3. The method for manufacturing the inner wall integrated diffusion welding type Laval pipe body according to claim 1, wherein in the step S5, a first argon arc welding circular seam (13) is arranged between the front end of the front inner sheath (10) and the inner side of the front end of the spray pipe assembly (9); a second argon arc welding circular seam (14) is arranged between the rear end of the front inner sheath (10) and the front end of the rear inner sheath (11); a third argon arc welding circular seam (15) is arranged between the rear end of the rear inner sheath (11) and the inner side of the rear end of the spray pipe assembly (9); a fourth argon arc welding circular seam (16) is arranged between the outer side of the front end of the spray pipe assembly (9) and the bottom of the exhaust pipe (12); a fourth argon arc welding circular seam (16) is arranged between the outer side of the rear end of the spray pipe assembly (9) and the bottom of the exhaust pipe (12).

4. The method for manufacturing an inner wall integrated diffusion welded type Laval pipe body according to claim 1, wherein in the step S6, the gas pressure diffusion welding adopts an isobaric welding mode, namely, the welding pressure (P) at each welding position is the same.

5. The method for manufacturing an inner wall integrated diffusion welded type Laval pipe body according to claim 4, wherein in the step S6, a gradual change region (19) is provided on the inner sheath member, that is, the size of the welding portion wall thickness (t) is proportional to the size of the welding portion diameter (D).

6. The method for manufacturing a Laval pipe body with integrated diffusion welding type inner wall according to claim 4, wherein in the step S6, the temperature of the gas pressure diffusion welding is 900-1000 ℃, the welding gas pressure is 0.3-0.5 MPa, and the welding time is 45-90 min.

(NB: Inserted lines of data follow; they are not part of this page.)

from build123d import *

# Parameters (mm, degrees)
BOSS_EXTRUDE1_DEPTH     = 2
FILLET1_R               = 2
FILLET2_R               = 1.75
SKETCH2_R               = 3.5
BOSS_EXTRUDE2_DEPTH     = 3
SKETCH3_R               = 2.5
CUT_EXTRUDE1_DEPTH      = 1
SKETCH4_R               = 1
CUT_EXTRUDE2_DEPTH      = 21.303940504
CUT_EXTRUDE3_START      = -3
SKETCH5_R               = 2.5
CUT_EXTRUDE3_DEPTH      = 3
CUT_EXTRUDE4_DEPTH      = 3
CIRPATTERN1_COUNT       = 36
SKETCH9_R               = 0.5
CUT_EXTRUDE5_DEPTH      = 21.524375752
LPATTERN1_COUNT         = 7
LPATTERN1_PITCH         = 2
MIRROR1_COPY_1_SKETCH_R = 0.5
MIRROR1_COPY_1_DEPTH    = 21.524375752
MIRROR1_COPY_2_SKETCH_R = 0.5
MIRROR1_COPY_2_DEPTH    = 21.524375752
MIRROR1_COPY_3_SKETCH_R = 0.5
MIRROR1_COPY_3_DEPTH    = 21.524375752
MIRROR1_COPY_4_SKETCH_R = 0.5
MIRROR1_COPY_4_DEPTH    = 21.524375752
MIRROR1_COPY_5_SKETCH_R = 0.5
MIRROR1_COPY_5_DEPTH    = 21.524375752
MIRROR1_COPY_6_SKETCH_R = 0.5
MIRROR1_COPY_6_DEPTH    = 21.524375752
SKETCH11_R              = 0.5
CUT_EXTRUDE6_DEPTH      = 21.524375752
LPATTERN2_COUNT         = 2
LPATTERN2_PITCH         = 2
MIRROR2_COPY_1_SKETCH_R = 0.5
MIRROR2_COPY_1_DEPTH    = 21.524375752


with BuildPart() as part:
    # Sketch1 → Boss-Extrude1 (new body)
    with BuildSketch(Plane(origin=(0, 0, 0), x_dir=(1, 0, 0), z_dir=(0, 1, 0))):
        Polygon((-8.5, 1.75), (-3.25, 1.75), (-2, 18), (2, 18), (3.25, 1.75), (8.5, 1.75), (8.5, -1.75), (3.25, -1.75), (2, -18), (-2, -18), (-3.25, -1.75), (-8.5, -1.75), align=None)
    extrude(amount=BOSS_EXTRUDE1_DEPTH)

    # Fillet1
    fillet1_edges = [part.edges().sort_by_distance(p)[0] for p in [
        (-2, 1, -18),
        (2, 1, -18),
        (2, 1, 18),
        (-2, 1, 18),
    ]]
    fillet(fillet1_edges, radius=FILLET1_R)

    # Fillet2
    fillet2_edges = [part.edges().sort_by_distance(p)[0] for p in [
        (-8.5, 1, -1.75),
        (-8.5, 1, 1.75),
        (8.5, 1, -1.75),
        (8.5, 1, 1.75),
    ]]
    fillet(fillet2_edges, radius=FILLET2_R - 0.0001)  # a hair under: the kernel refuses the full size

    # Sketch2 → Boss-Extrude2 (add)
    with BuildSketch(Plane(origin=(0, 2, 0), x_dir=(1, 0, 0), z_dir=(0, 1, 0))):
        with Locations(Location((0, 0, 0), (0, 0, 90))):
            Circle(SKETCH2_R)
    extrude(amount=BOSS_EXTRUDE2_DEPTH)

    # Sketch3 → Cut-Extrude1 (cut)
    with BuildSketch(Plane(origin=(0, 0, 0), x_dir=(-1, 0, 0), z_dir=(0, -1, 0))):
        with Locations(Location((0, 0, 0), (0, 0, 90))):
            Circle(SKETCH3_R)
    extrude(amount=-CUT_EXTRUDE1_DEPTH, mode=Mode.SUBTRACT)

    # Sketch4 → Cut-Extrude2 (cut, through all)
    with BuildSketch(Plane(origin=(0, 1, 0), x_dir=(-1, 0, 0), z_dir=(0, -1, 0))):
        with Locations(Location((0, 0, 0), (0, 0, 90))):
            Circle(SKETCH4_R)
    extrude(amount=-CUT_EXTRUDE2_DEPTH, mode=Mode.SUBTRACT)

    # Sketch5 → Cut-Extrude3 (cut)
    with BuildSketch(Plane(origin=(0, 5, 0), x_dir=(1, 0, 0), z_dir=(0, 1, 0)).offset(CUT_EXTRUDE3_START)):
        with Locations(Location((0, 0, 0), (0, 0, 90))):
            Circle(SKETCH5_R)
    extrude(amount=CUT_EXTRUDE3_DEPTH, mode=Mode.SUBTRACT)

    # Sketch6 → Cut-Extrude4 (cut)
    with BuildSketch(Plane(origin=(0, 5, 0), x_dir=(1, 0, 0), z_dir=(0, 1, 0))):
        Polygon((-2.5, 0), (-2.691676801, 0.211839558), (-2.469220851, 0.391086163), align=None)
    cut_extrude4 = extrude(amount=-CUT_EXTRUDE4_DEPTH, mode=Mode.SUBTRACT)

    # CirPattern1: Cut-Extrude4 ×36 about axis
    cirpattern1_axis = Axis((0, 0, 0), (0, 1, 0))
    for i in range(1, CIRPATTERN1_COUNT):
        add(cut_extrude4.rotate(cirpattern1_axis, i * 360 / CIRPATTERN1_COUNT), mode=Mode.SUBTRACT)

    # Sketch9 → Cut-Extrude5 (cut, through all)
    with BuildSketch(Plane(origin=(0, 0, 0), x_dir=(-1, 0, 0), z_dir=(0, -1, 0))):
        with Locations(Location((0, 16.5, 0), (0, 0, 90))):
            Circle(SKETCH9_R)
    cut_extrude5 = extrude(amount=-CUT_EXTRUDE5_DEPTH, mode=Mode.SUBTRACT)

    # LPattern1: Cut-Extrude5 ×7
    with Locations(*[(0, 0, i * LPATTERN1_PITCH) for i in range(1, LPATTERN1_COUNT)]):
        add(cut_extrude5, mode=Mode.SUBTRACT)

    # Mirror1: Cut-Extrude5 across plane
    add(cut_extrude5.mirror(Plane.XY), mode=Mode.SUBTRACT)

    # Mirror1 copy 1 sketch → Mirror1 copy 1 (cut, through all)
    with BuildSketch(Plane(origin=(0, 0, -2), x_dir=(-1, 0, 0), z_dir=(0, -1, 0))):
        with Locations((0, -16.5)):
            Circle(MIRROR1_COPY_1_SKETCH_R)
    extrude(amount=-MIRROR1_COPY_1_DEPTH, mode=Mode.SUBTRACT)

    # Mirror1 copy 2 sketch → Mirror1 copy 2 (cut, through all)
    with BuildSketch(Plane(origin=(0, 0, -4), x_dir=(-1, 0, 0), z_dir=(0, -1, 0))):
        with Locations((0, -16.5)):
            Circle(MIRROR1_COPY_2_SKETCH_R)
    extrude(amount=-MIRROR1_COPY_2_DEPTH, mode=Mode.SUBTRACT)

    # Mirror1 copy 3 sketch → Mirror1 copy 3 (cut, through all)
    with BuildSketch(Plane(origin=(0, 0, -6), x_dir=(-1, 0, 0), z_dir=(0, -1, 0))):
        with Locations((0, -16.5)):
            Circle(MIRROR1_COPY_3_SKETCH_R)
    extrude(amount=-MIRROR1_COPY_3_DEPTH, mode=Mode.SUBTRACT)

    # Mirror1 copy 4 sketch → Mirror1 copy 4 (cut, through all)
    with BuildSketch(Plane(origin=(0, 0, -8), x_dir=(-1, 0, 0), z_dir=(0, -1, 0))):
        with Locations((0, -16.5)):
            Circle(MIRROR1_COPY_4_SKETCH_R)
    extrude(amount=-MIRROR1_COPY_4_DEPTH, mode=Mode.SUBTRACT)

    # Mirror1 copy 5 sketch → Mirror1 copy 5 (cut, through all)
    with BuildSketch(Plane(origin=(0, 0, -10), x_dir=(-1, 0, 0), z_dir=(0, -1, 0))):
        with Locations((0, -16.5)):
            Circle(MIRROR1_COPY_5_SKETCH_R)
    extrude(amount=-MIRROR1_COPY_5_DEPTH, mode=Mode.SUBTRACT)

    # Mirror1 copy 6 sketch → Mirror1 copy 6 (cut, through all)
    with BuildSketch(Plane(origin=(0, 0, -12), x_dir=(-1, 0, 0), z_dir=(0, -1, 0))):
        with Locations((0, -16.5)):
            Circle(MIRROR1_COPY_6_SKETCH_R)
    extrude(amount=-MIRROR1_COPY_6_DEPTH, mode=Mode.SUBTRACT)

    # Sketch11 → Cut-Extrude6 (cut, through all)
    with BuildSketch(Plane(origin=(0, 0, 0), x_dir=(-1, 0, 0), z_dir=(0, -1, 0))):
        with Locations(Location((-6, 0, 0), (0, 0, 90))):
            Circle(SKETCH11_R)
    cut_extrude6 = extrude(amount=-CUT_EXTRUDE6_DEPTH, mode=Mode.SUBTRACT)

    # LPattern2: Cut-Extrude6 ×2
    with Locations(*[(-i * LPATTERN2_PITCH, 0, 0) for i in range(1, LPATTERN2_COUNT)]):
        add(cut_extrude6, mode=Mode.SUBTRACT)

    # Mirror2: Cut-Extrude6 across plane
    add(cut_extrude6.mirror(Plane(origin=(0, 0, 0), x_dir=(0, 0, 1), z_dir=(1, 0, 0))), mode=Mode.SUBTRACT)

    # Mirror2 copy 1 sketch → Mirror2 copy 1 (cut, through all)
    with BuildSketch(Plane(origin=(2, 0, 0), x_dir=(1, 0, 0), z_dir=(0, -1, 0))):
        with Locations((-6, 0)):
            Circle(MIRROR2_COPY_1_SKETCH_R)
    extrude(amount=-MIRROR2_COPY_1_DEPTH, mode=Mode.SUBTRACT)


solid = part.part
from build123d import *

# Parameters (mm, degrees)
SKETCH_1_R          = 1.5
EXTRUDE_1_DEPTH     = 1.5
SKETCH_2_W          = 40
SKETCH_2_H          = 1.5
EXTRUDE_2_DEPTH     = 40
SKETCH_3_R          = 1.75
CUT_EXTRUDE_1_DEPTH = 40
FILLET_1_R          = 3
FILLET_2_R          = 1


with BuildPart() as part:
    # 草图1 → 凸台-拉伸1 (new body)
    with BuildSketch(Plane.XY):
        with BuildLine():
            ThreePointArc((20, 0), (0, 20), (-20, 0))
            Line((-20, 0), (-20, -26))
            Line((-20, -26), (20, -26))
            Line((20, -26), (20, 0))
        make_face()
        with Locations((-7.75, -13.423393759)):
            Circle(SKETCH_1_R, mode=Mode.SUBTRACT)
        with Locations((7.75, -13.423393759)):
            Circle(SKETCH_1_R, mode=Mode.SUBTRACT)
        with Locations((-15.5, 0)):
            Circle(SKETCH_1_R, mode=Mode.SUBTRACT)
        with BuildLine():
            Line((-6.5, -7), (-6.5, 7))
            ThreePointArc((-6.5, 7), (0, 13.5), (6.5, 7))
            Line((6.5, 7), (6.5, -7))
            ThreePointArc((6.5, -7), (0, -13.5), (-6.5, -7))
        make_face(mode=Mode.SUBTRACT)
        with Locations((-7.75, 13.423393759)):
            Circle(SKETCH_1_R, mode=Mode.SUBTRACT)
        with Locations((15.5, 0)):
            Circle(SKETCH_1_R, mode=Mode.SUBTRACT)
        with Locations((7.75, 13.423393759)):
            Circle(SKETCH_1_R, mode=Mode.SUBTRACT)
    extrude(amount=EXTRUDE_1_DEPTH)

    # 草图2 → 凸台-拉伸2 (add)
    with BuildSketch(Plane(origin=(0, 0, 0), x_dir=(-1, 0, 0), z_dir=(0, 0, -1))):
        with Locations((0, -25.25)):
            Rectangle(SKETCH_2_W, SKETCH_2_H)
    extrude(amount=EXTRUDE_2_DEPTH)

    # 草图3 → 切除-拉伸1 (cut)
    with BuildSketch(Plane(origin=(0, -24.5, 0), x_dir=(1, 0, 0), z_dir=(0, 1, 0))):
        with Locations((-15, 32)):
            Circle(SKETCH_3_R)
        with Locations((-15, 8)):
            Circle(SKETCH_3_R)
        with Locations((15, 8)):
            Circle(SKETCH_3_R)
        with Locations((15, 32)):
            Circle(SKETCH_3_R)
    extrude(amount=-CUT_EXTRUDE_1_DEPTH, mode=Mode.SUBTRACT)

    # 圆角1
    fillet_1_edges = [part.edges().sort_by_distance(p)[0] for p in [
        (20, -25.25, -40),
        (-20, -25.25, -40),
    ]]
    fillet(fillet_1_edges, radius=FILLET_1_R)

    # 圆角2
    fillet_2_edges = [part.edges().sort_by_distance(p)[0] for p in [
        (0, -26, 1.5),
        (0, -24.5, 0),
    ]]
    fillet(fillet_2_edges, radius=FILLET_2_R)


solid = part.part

7. The method for manufacturing a Laval pipe body with integrated diffusion welding type inner wall according to claim 4, wherein in the step S6, the temperature rising rate and the temperature lowering rate of the gas pressure diffusion welding are less than 5-10 ℃/min.

8. The method for manufacturing an inner wall integrated diffusion welded type Laval pipe body according to claim 4, wherein in the step S6, a silver plating layer of 0.003-0.01 mm is coated on the inner wall (3), and a copper plating layer of 0.003-0.01 mm is coated on the surface of the silver plating layer; the inner side of the outer wall component (17) is coated with a nickel plating layer with the thickness of 0.003-0.01 mm.

9. The method for manufacturing a Laval pipe body with integrated diffusion welding on an inner wall according to claim 1, wherein in the step S1 and the step S2, the assembly gap between the outer wall assembly (17) and the inner wall (3) is 0.02-0.04 mm on one side.

10. The method for manufacturing a Laval pipe body with integrated diffusion welding on an inner wall according to claim 1, wherein in the step S4, the single side of the gap between the inner sheath assembly and the inner wall (3) is 0.2mm.